▶ [EXERCISE GOAL] Review the material line by line. Identify and copy every line that contains the string "circle".

─── DATA FOR THIS TASK ───

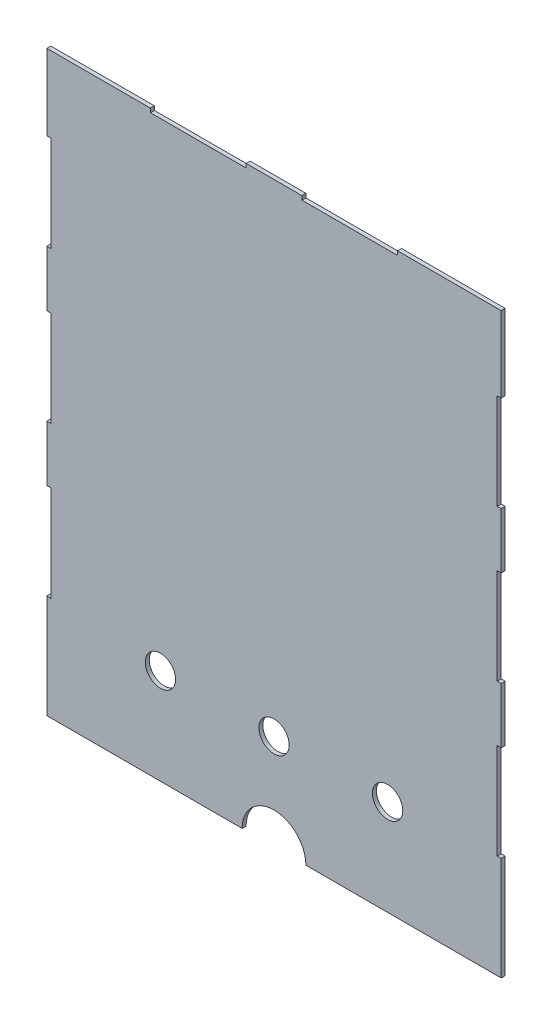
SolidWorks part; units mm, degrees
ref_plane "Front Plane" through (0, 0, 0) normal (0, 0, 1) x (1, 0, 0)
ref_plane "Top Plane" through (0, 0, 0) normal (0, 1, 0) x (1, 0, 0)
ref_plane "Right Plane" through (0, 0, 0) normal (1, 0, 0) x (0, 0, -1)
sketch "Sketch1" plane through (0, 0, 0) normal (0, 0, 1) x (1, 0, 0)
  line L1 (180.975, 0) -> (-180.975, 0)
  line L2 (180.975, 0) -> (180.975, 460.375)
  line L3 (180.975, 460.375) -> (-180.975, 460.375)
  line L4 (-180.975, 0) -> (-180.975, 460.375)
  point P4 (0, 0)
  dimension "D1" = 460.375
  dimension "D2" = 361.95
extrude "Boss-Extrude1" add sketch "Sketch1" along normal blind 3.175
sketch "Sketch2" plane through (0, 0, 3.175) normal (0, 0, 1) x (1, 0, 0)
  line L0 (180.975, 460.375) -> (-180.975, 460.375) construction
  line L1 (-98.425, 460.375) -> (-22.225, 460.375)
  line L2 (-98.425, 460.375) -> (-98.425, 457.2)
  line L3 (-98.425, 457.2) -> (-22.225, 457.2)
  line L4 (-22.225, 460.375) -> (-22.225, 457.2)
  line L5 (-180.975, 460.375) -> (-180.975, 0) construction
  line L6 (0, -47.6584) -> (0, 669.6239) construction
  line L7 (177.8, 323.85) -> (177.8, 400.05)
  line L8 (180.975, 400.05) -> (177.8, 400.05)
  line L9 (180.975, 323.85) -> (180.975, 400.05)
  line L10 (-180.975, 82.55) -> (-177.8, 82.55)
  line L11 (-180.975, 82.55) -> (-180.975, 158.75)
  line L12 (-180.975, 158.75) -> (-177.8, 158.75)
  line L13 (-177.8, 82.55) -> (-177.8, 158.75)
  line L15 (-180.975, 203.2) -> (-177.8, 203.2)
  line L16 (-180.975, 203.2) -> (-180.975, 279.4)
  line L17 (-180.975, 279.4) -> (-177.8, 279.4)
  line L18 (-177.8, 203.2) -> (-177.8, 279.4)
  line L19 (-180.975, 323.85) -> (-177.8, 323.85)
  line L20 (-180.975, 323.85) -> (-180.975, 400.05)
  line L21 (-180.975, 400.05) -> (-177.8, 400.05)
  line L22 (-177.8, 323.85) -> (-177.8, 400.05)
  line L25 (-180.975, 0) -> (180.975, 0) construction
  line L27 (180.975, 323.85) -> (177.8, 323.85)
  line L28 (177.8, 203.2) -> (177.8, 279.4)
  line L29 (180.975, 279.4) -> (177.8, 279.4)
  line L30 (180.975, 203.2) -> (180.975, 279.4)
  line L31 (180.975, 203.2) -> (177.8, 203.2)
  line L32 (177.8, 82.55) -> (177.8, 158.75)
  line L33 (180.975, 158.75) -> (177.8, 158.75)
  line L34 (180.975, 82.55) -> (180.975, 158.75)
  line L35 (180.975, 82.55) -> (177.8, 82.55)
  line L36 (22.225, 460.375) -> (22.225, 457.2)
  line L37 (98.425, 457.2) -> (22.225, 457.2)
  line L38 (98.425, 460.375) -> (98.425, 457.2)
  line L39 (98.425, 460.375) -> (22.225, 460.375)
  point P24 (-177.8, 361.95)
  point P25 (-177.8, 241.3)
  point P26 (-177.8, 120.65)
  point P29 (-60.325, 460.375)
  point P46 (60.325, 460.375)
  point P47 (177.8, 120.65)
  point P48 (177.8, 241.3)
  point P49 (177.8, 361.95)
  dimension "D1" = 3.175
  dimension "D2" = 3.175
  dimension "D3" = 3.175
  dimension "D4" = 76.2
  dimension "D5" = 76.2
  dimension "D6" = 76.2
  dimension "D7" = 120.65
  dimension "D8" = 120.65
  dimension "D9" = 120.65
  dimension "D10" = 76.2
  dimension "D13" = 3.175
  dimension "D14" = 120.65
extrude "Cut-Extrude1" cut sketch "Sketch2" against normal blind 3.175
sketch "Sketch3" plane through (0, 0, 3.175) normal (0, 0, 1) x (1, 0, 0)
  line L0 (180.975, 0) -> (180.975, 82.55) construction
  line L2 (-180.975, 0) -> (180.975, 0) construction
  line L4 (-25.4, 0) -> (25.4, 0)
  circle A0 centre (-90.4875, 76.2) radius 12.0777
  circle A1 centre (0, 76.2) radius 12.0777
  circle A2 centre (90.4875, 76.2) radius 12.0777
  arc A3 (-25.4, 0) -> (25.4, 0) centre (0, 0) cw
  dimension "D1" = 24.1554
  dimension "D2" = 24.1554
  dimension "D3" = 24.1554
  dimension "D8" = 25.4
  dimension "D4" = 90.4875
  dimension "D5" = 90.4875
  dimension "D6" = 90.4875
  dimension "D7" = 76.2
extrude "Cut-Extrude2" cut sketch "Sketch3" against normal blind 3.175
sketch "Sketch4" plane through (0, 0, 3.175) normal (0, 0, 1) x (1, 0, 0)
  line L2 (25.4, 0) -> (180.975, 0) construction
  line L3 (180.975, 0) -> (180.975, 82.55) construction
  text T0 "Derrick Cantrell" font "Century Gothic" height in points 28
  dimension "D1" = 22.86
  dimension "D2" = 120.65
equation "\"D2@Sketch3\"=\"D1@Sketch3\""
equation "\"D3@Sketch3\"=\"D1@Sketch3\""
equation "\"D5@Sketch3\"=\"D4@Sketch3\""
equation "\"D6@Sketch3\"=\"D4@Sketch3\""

───

▶ [ANSWER BOX]
  circle A0 centre (-90.4875, 76.2) radius 12.0777
  circle A1 centre (0, 76.2) radius 12.0777
  circle A2 centre (90.4875, 76.2) radius 12.0777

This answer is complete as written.